Токлас вспоминала, как носилась с картинами под мышкой туда-сюда, пока брат с сестрой утрясали, у кого что останется — ведь они между собой уже не разговаривали.

После ухода Лео с улицы Флерюс обеим сторонам потребовались дополнительные расходы, сверх обычных месячных поступлений. Лео, понятно, нужны были деньги на переезд и устройство на новом месте, а женщины планировали сделать ремонт и приобрести нужную мебель. Необходимые средства изыскали продажей картин. Но если Гертруда неохотно и вынужденно продала несколько картин Пикассо, включая Девочку на шаре[27], то Лео избавлялся от многих, принадлежащих ему, десятилетних приобретений, за исключением Ренуара. Разочаровавшись в Пикассо, он продал даже ранние его работы, дабы купить картину Сезанна. Следом исчезли картины Матисса.

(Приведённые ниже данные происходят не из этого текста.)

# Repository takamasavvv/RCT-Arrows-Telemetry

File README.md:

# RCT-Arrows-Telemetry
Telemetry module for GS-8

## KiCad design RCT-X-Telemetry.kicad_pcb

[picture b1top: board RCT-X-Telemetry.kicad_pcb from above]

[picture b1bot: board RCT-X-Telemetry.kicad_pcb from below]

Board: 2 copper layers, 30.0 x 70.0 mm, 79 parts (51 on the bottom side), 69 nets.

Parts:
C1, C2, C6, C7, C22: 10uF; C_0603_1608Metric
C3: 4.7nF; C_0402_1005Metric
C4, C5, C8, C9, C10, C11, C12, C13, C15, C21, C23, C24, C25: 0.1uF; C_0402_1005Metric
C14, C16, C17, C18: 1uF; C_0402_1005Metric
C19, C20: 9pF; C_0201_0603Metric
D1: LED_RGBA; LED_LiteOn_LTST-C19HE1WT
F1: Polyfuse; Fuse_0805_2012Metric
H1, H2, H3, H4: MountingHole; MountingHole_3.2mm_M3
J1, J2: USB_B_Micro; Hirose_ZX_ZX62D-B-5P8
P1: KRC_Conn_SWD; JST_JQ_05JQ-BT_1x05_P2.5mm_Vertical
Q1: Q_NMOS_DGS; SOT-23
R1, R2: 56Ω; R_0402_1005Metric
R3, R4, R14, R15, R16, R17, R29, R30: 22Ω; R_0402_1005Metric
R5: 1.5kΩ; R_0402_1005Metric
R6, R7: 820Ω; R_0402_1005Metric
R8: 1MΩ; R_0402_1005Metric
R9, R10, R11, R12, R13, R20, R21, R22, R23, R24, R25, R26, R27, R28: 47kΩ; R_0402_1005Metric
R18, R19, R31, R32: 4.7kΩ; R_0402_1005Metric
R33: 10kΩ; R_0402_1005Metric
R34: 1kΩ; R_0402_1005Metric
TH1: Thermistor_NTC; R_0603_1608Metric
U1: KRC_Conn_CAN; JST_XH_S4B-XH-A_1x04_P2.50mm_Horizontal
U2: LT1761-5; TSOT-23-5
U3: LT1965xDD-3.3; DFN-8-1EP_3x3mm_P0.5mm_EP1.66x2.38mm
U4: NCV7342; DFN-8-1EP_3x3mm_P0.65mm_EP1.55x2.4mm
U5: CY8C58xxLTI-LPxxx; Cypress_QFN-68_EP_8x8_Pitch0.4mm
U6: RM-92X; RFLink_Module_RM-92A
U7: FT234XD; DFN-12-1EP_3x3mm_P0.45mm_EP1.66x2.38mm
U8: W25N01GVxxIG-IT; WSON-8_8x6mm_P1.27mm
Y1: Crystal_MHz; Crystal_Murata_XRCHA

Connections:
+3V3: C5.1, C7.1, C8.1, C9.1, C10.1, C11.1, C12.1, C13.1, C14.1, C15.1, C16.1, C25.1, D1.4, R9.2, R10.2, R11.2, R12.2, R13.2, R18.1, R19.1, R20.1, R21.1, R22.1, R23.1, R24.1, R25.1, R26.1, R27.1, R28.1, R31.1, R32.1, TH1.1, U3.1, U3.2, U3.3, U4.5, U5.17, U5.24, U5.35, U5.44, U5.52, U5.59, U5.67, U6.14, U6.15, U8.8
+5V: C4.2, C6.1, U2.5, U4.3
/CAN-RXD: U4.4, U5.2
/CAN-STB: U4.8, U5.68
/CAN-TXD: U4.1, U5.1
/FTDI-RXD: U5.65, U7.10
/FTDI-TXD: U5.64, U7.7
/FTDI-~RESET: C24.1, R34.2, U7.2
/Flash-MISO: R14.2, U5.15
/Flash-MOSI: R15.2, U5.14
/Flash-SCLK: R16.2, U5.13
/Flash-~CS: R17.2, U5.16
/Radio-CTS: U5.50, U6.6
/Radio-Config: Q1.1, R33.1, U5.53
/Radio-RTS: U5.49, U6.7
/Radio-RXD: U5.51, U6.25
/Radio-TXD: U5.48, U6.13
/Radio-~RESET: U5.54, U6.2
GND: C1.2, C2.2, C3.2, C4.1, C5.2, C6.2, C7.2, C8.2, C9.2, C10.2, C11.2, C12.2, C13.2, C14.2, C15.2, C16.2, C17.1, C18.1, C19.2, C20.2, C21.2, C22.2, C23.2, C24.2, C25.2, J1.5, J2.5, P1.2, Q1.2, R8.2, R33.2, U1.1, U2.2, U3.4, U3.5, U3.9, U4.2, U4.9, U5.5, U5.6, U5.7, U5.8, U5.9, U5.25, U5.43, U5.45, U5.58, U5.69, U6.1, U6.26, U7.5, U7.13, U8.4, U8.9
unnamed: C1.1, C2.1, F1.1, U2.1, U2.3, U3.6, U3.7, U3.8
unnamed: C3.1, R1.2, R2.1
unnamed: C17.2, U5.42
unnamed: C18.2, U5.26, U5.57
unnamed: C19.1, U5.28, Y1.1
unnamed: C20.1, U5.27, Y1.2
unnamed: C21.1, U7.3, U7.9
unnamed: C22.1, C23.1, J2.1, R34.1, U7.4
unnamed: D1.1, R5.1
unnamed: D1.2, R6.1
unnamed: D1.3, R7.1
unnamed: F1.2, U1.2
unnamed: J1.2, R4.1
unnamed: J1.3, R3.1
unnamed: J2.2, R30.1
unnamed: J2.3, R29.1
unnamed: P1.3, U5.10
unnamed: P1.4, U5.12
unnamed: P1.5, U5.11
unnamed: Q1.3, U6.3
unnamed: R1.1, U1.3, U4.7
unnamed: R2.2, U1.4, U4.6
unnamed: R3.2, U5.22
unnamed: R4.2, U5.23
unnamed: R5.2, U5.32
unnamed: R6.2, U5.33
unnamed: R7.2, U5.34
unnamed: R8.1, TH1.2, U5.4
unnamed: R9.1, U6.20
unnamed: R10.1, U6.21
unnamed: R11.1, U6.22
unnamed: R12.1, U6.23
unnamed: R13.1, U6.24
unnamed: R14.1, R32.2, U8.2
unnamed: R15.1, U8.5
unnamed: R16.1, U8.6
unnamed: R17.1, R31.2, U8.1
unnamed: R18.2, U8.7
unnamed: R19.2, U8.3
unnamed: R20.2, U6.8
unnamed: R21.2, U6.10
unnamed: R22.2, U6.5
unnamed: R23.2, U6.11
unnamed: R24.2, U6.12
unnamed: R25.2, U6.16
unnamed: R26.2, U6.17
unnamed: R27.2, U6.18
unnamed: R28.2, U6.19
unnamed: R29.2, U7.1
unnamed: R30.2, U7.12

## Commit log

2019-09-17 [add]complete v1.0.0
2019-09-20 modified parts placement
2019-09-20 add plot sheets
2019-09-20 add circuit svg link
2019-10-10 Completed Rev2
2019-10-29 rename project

А затем Лео и вовсе отошел от коллекционирования: «Мой интерес к Сезанну увял, Матисс был в застое, Пикассо занялся дурачеством, я начал отсутствовать в субботние вечера». Такая «распродажа» произвела малоприятное впечатление на авторов картин, но Лео ожидаемая реакция не беспокоила. Разве вот Матисс, которого боготворил и с которым он и Майкл были близки. Послание художнику с объяснением не помогло. Из письма Нине Озиас: «Кто-то сообщил мне, <… > что Матисс жаловался не на то, что я продал его картины — это, естественно, ранило его, поскольку продемонстрировало, что они не имели для меня достаточной ценности, чтобы удержать их у себя, — но потому, что я написал единственно с целью извиниться за свой поступок».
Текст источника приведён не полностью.